У меня в записной книжке был составлен график спектаклей, концертов, репетиций всех троих. Встретив у подъезда театра одну и сверкнув на нее глазами художника и обожателя, я бежал к подъезду другого театра. Я обсыпал шапку и плечи снегом, дескать, на холодной метели стою часами. Вынимал из-за пазухи – скромно, по-студенчески! – один нарцисс или тюльпанчик. Преданность и терпение – через это женщины перешагнуть не могут. Постепенно я познакомился с ними. Вернее, познакомил с собой одну за другой недели через три настойчивых хождений. И сразу начались отказы: нет времени. Но я все же ходил к театру, к подъезду, канючил, получал отказы, потом согласие. И удивлял во время первого же сеанса. На загрунтованном полотне я почти одним росчерком угля наносил рисунок. Я-то знал, я переношу готовый и отработанный. Они ахали, понимали, что встретили гения, и тут же сидели и мурлыкали, как кошечки. Сидели столько, сколько я хотел. У всех трех портретов неизменным было одно – женщины изображены на них на десять лет моложе. И другое: все они получились значительнее, чем были в жизни. Такие портреты не могут долго лежать в запаснике.
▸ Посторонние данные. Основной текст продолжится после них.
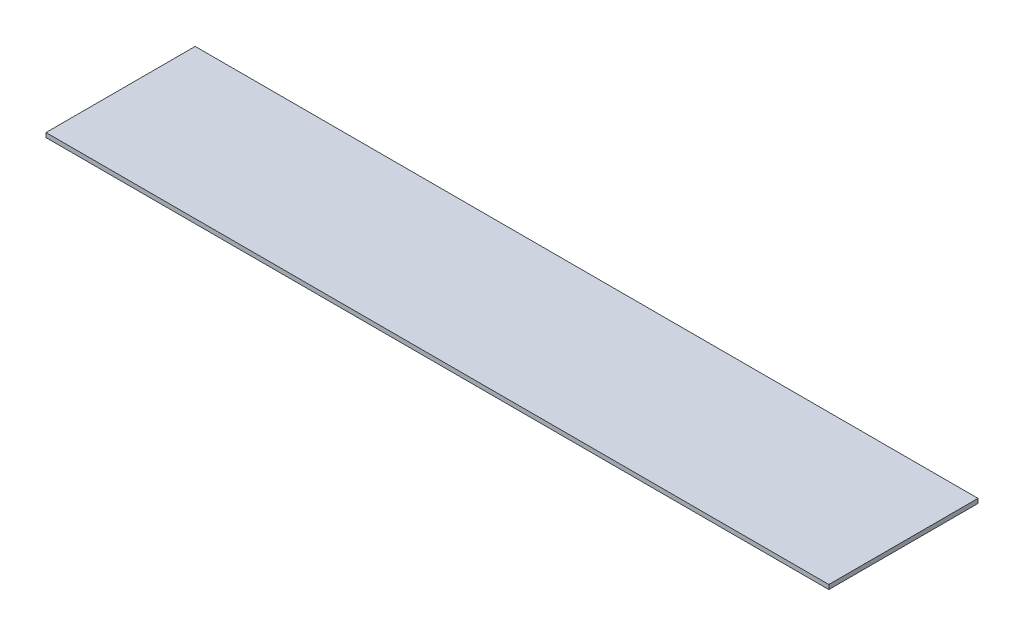
ISO-10303-21;
HEADER;
FILE_DESCRIPTION(('STEP AP214'),'2;1');
FILE_NAME('part.step','',(''),(''),'','','');
FILE_SCHEMA(('AUTOMOTIVE_DESIGN { 1 0 10303 214 1 1 1 1 }'));
ENDSEC;
DATA;
#1=APPLICATION_CONTEXT('core data for automotive mechanical design processes');
#2=APPLICATION_PROTOCOL_DEFINITION('international standard','automotive_design',2000,#1);
#3=PRODUCT_CONTEXT('',#1,'mechanical');
#4=PRODUCT('Part','Part','',(#3));
#5=PRODUCT_RELATED_PRODUCT_CATEGORY('part','',(#4));
#6=PRODUCT_DEFINITION_FORMATION('','',#4);
#7=PRODUCT_DEFINITION_CONTEXT('part definition',#1,'design');
#8=PRODUCT_DEFINITION('design','',#6,#7);
#9=PRODUCT_DEFINITION_SHAPE('','',#8);
#10=(LENGTH_UNIT() NAMED_UNIT(*) SI_UNIT(.MILLI.,.METRE.));
#11=(NAMED_UNIT(*) PLANE_ANGLE_UNIT() SI_UNIT($,.RADIAN.));
#12=(NAMED_UNIT(*) SI_UNIT($,.STERADIAN.) SOLID_ANGLE_UNIT());
#13=UNCERTAINTY_MEASURE_WITH_UNIT(LENGTH_MEASURE(1.E-05),#10,'distance_accuracy_value','');
#14=(GEOMETRIC_REPRESENTATION_CONTEXT(3) GLOBAL_UNCERTAINTY_ASSIGNED_CONTEXT((#13)) GLOBAL_UNIT_ASSIGNED_CONTEXT((#10,
#11,#12)) REPRESENTATION_CONTEXT('',''));
#15=CARTESIAN_POINT('',(0.,0.,0.));
#16=DIRECTION('',(0.,0.,1.));
#17=DIRECTION('',(1.,0.,0.));
#18=AXIS2_PLACEMENT_3D('',#15,#16,#17);
#19=CARTESIAN_POINT('',(-265.,3.,50.5));
#20=DIRECTION('',(1.,0.,0.));
#21=DIRECTION('',(0.,0.,-1.));
#22=AXIS2_PLACEMENT_3D('',#19,#20,#21);
#23=PLANE('',#22);
#24=DIRECTION('',(0.,0.,1.));
#25=VECTOR('',#24,1.);
#26=CARTESIAN_POINT('',(-265.,0.,50.5));
#27=LINE('',#26,#25);
#28=CARTESIAN_POINT('',(-265.,0.,-50.5));
#29=VERTEX_POINT('',#28);
#30=CARTESIAN_POINT('',(-265.,0.,50.5));
#31=VERTEX_POINT('',#30);
#32=EDGE_CURVE('E97',#29,#31,#27,.T.);
#33=ORIENTED_EDGE('',*,*,#32,.T.);
#34=DIRECTION('',(0.,-1.,0.));
#35=VECTOR('',#34,1.);
#36=CARTESIAN_POINT('',(-265.,3.,50.5));
#37=LINE('',#36,#35);
#38=CARTESIAN_POINT('',(-265.,3.,50.5));
#39=VERTEX_POINT('',#38);
#40=EDGE_CURVE('E11',#39,#31,#37,.T.);
#41=ORIENTED_EDGE('',*,*,#40,.F.);
#42=DIRECTION('',(0.,0.,1.));
#43=VECTOR('',#42,1.);
#44=CARTESIAN_POINT('',(-265.,3.,50.5));
#45=LINE('',#44,#43);
#46=CARTESIAN_POINT('',(-265.,3.,-50.5));
#47=VERTEX_POINT('',#46);
#48=EDGE_CURVE('E85',#47,#39,#45,.T.);
#49=ORIENTED_EDGE('',*,*,#48,.F.);
#50=DIRECTION('',(0.,-1.,0.));
#51=VECTOR('',#50,1.);
#52=CARTESIAN_POINT('',(-265.,3.,-50.5));
#53=LINE('',#52,#51);
#54=EDGE_CURVE('E93',#47,#29,#53,.T.);
#55=ORIENTED_EDGE('',*,*,#54,.T.);
#56=EDGE_LOOP('',(#33,#41,#49,#55));
#57=FACE_BOUND('',#56,.T.);
#58=ADVANCED_FACE('F34',(#57),#23,.F.);
#59=CARTESIAN_POINT('',(265.,3.,50.5));
#60=DIRECTION('',(0.,0.,-1.));
#61=DIRECTION('',(-1.,0.,0.));
#62=AXIS2_PLACEMENT_3D('',#59,#60,#61);
#63=PLANE('',#62);
#64=DIRECTION('',(1.,0.,0.));
#65=VECTOR('',#64,1.);
#66=CARTESIAN_POINT('',(265.,0.,50.5));
#67=LINE('',#66,#65);
#68=CARTESIAN_POINT('',(265.,0.,50.5));
#69=VERTEX_POINT('',#68);
#70=EDGE_CURVE('E89',#31,#69,#67,.T.);
#71=ORIENTED_EDGE('',*,*,#70,.T.);
#72=DIRECTION('',(0.,-1.,0.));
#73=VECTOR('',#72,1.);
#74=CARTESIAN_POINT('',(265.,3.,50.5));
#75=LINE('',#74,#73);
#76=CARTESIAN_POINT('',(265.,3.,50.5));
#77=VERTEX_POINT('',#76);
#78=EDGE_CURVE('E42',#77,#69,#75,.T.);
#79=ORIENTED_EDGE('',*,*,#78,.F.);
#80=DIRECTION('',(1.,0.,0.));
#81=VECTOR('',#80,1.);
#82=CARTESIAN_POINT('',(265.,3.,50.5));
#83=LINE('',#82,#81);
#84=EDGE_CURVE('E80',#39,#77,#83,.T.);
#85=ORIENTED_EDGE('',*,*,#84,.F.);
#86=ORIENTED_EDGE('',*,*,#40,.T.);
#87=EDGE_LOOP('',(#71,#79,#85,#86));
#88=FACE_BOUND('',#87,.T.);
#89=ADVANCED_FACE('F88',(#88),#63,.F.);
#90=CARTESIAN_POINT('',(265.,3.,50.5));
#91=DIRECTION('',(-1.,0.,0.));
#92=DIRECTION('',(0.,0.,1.));
#93=AXIS2_PLACEMENT_3D('',#90,#91,#92);
#94=PLANE('',#93);
#95=DIRECTION('',(0.,0.,-1.));
#96=VECTOR('',#95,1.);
#97=CARTESIAN_POINT('',(265.,0.,50.5));
#98=LINE('',#97,#96);
#99=CARTESIAN_POINT('',(265.,0.,-50.5));
#100=VERTEX_POINT('',#99);
#101=EDGE_CURVE('E67',#69,#100,#98,.T.);
#102=ORIENTED_EDGE('',*,*,#101,.T.);
#103=DIRECTION('',(0.,-1.,0.));
#104=VECTOR('',#103,1.);
#105=CARTESIAN_POINT('',(265.,3.,-50.5));
#106=LINE('',#105,#104);
#107=CARTESIAN_POINT('',(265.,3.,-50.5));
#108=VERTEX_POINT('',#107);
#109=EDGE_CURVE('E90',#108,#100,#106,.T.);
#110=ORIENTED_EDGE('',*,*,#109,.F.);
#111=DIRECTION('',(0.,0.,-1.));
#112=VECTOR('',#111,1.);
#113=CARTESIAN_POINT('',(265.,3.,50.5));
#114=LINE('',#113,#112);
#115=EDGE_CURVE('E83',#77,#108,#114,.T.);
#116=ORIENTED_EDGE('',*,*,#115,.F.);
#117=ORIENTED_EDGE('',*,*,#78,.T.);
#118=EDGE_LOOP('',(#102,#110,#116,#117));
#119=FACE_BOUND('',#118,.T.);
#120=ADVANCED_FACE('F91',(#119),#94,.F.);
#121=CARTESIAN_POINT('',(265.,3.,-50.5));
#122=DIRECTION('',(0.,0.,1.));
#123=DIRECTION('',(1.,0.,0.));
#124=AXIS2_PLACEMENT_3D('',#121,#122,#123);
#125=PLANE('',#124);
#126=DIRECTION('',(-1.,0.,0.));
#127=VECTOR('',#126,1.);
#128=CARTESIAN_POINT('',(265.,0.,-50.5));
#129=LINE('',#128,#127);
#130=EDGE_CURVE('E73',#100,#29,#129,.T.);
#131=ORIENTED_EDGE('',*,*,#130,.T.);
#132=ORIENTED_EDGE('',*,*,#54,.F.);
#133=DIRECTION('',(-1.,0.,0.));
#134=VECTOR('',#133,1.);
#135=CARTESIAN_POINT('',(265.,3.,-50.5));
#136=LINE('',#135,#134);
#137=EDGE_CURVE('E50',#108,#47,#136,.T.);
#138=ORIENTED_EDGE('',*,*,#137,.F.);
#139=ORIENTED_EDGE('',*,*,#109,.T.);
#140=EDGE_LOOP('',(#131,#132,#138,#139));
#141=FACE_BOUND('',#140,.T.);
#142=ADVANCED_FACE('F104',(#141),#125,.F.);
#143=CARTESIAN_POINT('',(0.,3.,0.));
#144=DIRECTION('',(0.,1.,0.));
#145=DIRECTION('',(0.,0.,1.));
#146=AXIS2_PLACEMENT_3D('',#143,#144,#145);
#147=PLANE('',#146);
#148=ORIENTED_EDGE('',*,*,#48,.T.);
#149=ORIENTED_EDGE('',*,*,#84,.T.);
#150=ORIENTED_EDGE('',*,*,#115,.T.);
#151=ORIENTED_EDGE('',*,*,#137,.T.);
#152=EDGE_LOOP('',(#148,#149,#150,#151));
#153=FACE_BOUND('',#152,.T.);
#154=ADVANCED_FACE('F81',(#153),#147,.T.);
#155=CARTESIAN_POINT('',(0.,0.,0.));
#156=DIRECTION('',(0.,1.,0.));
#157=DIRECTION('',(0.,0.,1.));
#158=AXIS2_PLACEMENT_3D('',#155,#156,#157);
#159=PLANE('',#158);
#160=ORIENTED_EDGE('',*,*,#32,.F.);
#161=ORIENTED_EDGE('',*,*,#130,.F.);
#162=ORIENTED_EDGE('',*,*,#101,.F.);
#163=ORIENTED_EDGE('',*,*,#70,.F.);
#164=EDGE_LOOP('',(#160,#161,#162,#163));
#165=FACE_BOUND('',#164,.T.);
#166=ADVANCED_FACE('F107',(#165),#159,.F.);
#167=CLOSED_SHELL('',(#58,#89,#120,#142,#154,#166));
#168=MANIFOLD_SOLID_BREP('B2',#167);
#169=ADVANCED_BREP_SHAPE_REPRESENTATION('',(#18,#168),#14);
#170=SHAPE_DEFINITION_REPRESENTATION(#9,#169);
ENDSEC;
END-ISO-10303-21;
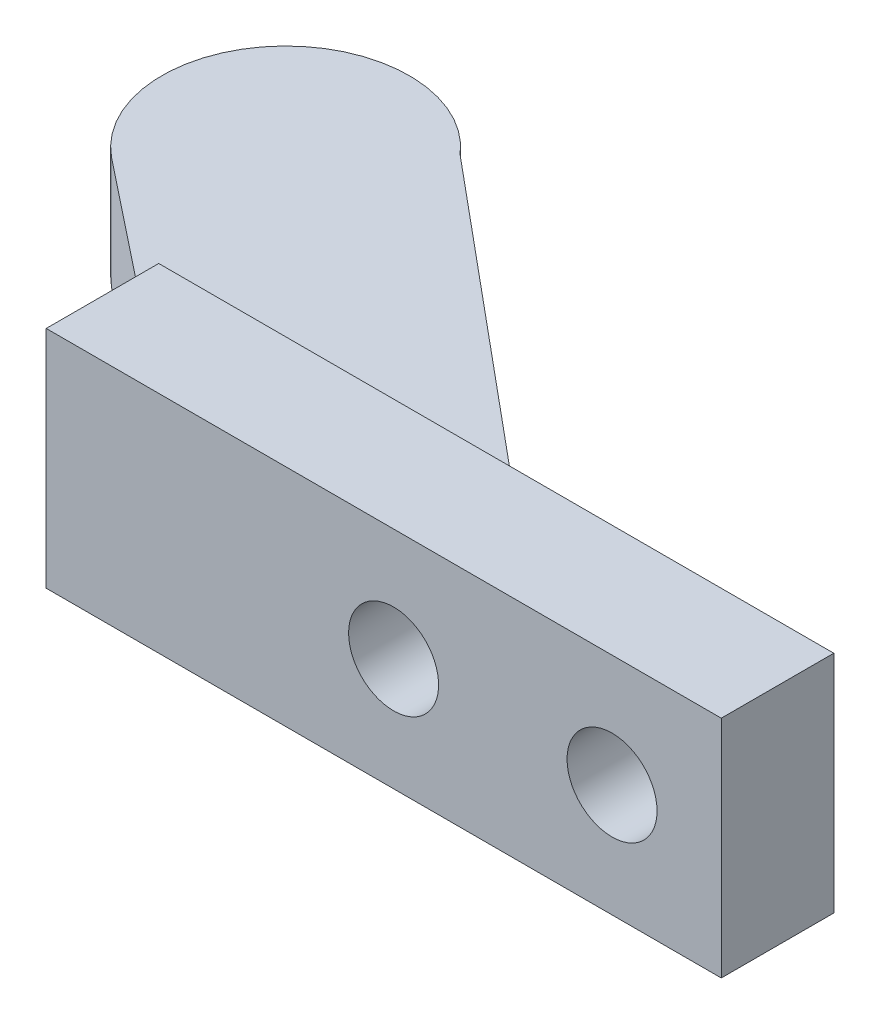
ISO-10303-21;
HEADER;
FILE_DESCRIPTION(('STEP AP214'),'2;1');
FILE_NAME('part.step','',(''),(''),'','','');
FILE_SCHEMA(('AUTOMOTIVE_DESIGN { 1 0 10303 214 1 1 1 1 }'));
ENDSEC;
DATA;
#1=APPLICATION_CONTEXT('core data for automotive mechanical design processes');
#2=APPLICATION_PROTOCOL_DEFINITION('international standard','automotive_design',2000,#1);
#3=PRODUCT_CONTEXT('',#1,'mechanical');
#4=PRODUCT('Part','Part','',(#3));
#5=PRODUCT_RELATED_PRODUCT_CATEGORY('part','',(#4));
#6=PRODUCT_DEFINITION_FORMATION('','',#4);
#7=PRODUCT_DEFINITION_CONTEXT('part definition',#1,'design');
#8=PRODUCT_DEFINITION('design','',#6,#7);
#9=PRODUCT_DEFINITION_SHAPE('','',#8);
#10=(LENGTH_UNIT() NAMED_UNIT(*) SI_UNIT(.MILLI.,.METRE.));
#11=(NAMED_UNIT(*) PLANE_ANGLE_UNIT() SI_UNIT($,.RADIAN.));
#12=(NAMED_UNIT(*) SI_UNIT($,.STERADIAN.) SOLID_ANGLE_UNIT());
#13=UNCERTAINTY_MEASURE_WITH_UNIT(LENGTH_MEASURE(1.E-05),#10,'distance_accuracy_value','');
#14=(GEOMETRIC_REPRESENTATION_CONTEXT(3) GLOBAL_UNCERTAINTY_ASSIGNED_CONTEXT((#13)) GLOBAL_UNIT_ASSIGNED_CONTEXT((#10,
#11,#12)) REPRESENTATION_CONTEXT('',''));
#15=CARTESIAN_POINT('',(0.,0.,0.));
#16=DIRECTION('',(0.,0.,1.));
#17=DIRECTION('',(1.,0.,0.));
#18=AXIS2_PLACEMENT_3D('',#15,#16,#17);
#19=CARTESIAN_POINT('',(21.8540407080777,5.,0.));
#20=DIRECTION('',(-1.,0.,0.));
#21=DIRECTION('',(0.,0.,1.));
#22=AXIS2_PLACEMENT_3D('',#19,#20,#21);
#23=PLANE('',#22);
#24=DIRECTION('',(0.,-1.,0.));
#25=VECTOR('',#24,1.);
#26=CARTESIAN_POINT('',(21.8540407080777,10.,19.9532567430728));
#27=LINE('',#26,#25);
#28=CARTESIAN_POINT('',(21.8540407080777,10.,19.9532567430728));
#29=VERTEX_POINT('',#28);
#30=CARTESIAN_POINT('',(21.8540407080777,0.,19.9532567430728));
#31=VERTEX_POINT('',#30);
#32=EDGE_CURVE('E118',#29,#31,#27,.T.);
#33=ORIENTED_EDGE('',*,*,#32,.F.);
#34=DIRECTION('',(0.,0.,-1.));
#35=VECTOR('',#34,1.);
#36=CARTESIAN_POINT('',(21.8540407080777,10.,14.9532567430728));
#37=LINE('',#36,#35);
#38=CARTESIAN_POINT('',(21.8540407080777,10.,24.9532567430728));
#39=VERTEX_POINT('',#38);
#40=EDGE_CURVE('E256',#39,#29,#37,.T.);
#41=ORIENTED_EDGE('',*,*,#40,.F.);
#42=DIRECTION('',(0.,1.,0.));
#43=VECTOR('',#42,1.);
#44=CARTESIAN_POINT('',(21.8540407080777,0.,24.9532567430728));
#45=LINE('',#44,#43);
#46=CARTESIAN_POINT('',(21.8540407080777,0.,24.9532567430728));
#47=VERTEX_POINT('',#46);
#48=EDGE_CURVE('E142',#47,#39,#45,.T.);
#49=ORIENTED_EDGE('',*,*,#48,.F.);
#50=DIRECTION('',(0.,0.,-1.));
#51=VECTOR('',#50,1.);
#52=CARTESIAN_POINT('',(21.8540407080777,0.,0.));
#53=LINE('',#52,#51);
#54=EDGE_CURVE('E135',#47,#31,#53,.T.);
#55=ORIENTED_EDGE('',*,*,#54,.T.);
#56=EDGE_LOOP('',(#33,#41,#49,#55));
#57=FACE_BOUND('',#56,.T.);
#58=ADVANCED_FACE('F47',(#57),#23,.F.);
#59=CARTESIAN_POINT('',(0.,10.,0.));
#60=DIRECTION('',(0.,-1.,0.));
#61=DIRECTION('',(0.,0.,-1.));
#62=AXIS2_PLACEMENT_3D('',#59,#60,#61);
#63=PLANE('',#62);
#64=DIRECTION('',(1.,0.,0.));
#65=VECTOR('',#64,1.);
#66=CARTESIAN_POINT('',(-14.452391165853,10.,19.9532567430728));
#67=LINE('',#66,#65);
#68=CARTESIAN_POINT('',(-8.14595929192235,10.,19.9532567430728));
#69=VERTEX_POINT('',#68);
#70=EDGE_CURVE('E125',#69,#29,#67,.T.);
#71=ORIENTED_EDGE('',*,*,#70,.F.);
#72=DIRECTION('',(0.,0.,1.));
#73=VECTOR('',#72,1.);
#74=CARTESIAN_POINT('',(-8.14595929192235,10.,0.));
#75=LINE('',#74,#73);
#76=CARTESIAN_POINT('',(-8.14595929192235,10.,24.9532567430728));
#77=VERTEX_POINT('',#76);
#78=EDGE_CURVE('E235',#69,#77,#75,.T.);
#79=ORIENTED_EDGE('',*,*,#78,.T.);
#80=DIRECTION('',(1.,0.,0.));
#81=VECTOR('',#80,1.);
#82=CARTESIAN_POINT('',(0.,10.,24.9532567430728));
#83=LINE('',#82,#81);
#84=EDGE_CURVE('E244',#77,#39,#83,.T.);
#85=ORIENTED_EDGE('',*,*,#84,.T.);
#86=ORIENTED_EDGE('',*,*,#40,.T.);
#87=EDGE_LOOP('',(#71,#79,#85,#86));
#88=FACE_BOUND('',#87,.T.);
#89=ADVANCED_FACE('F278',(#88),#63,.F.);
#90=CARTESIAN_POINT('',(16.9998841256251,5.,24.9532567430728));
#91=DIRECTION('',(0.,0.,-1.));
#92=DIRECTION('',(-1.,0.,0.));
#93=AXIS2_PLACEMENT_3D('',#90,#91,#92);
#94=CYLINDRICAL_SURFACE('',#93,2.);
#95=CARTESIAN_POINT('',(16.9998841256251,5.,24.9532567430728));
#96=DIRECTION('',(0.,0.,1.));
#97=DIRECTION('',(1.,0.,0.));
#98=AXIS2_PLACEMENT_3D('',#95,#96,#97);
#99=CIRCLE('',#98,2.);
#100=CARTESIAN_POINT('',(18.9998841256251,5.,24.9532567430728));
#101=VERTEX_POINT('',#100);
#102=EDGE_CURVE('E230',#101,#101,#99,.T.);
#103=ORIENTED_EDGE('',*,*,#102,.T.);
#104=EDGE_LOOP('',(#103));
#105=FACE_BOUND('',#104,.T.);
#106=CARTESIAN_POINT('',(16.9998841256251,5.,19.9532567430728));
#107=DIRECTION('',(0.,0.,-1.));
#108=DIRECTION('',(-1.,0.,0.));
#109=AXIS2_PLACEMENT_3D('',#106,#107,#108);
#110=CIRCLE('',#109,2.);
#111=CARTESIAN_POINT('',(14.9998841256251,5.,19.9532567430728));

Правда, всем троим я – крестьянский, работающий под этуаль сын – показал коллекцию деревенских этюдов. Показал, так сказать, сокровенное. И дамы начали действовать. Начали приводить ко мне знакомых журналистов. Я разработал ритуал и тут. В общежитии во что бы то ни стало поил своих высокопоставленных гостей чаем из закопченного чайника, ставил домашнее варенье и резал деревенское сало. Говорил с ними, чуть округлив звуки, будто во рту у меня некая непрожеванная каша. В общем, речь моя звучала с явным признаком исконной деревенской. Я, кстати, и потом пользовался этим приемом для разговора с начальством, которому всегда ласкал слух мой то ли «акающий», то ли «окающий» говорок.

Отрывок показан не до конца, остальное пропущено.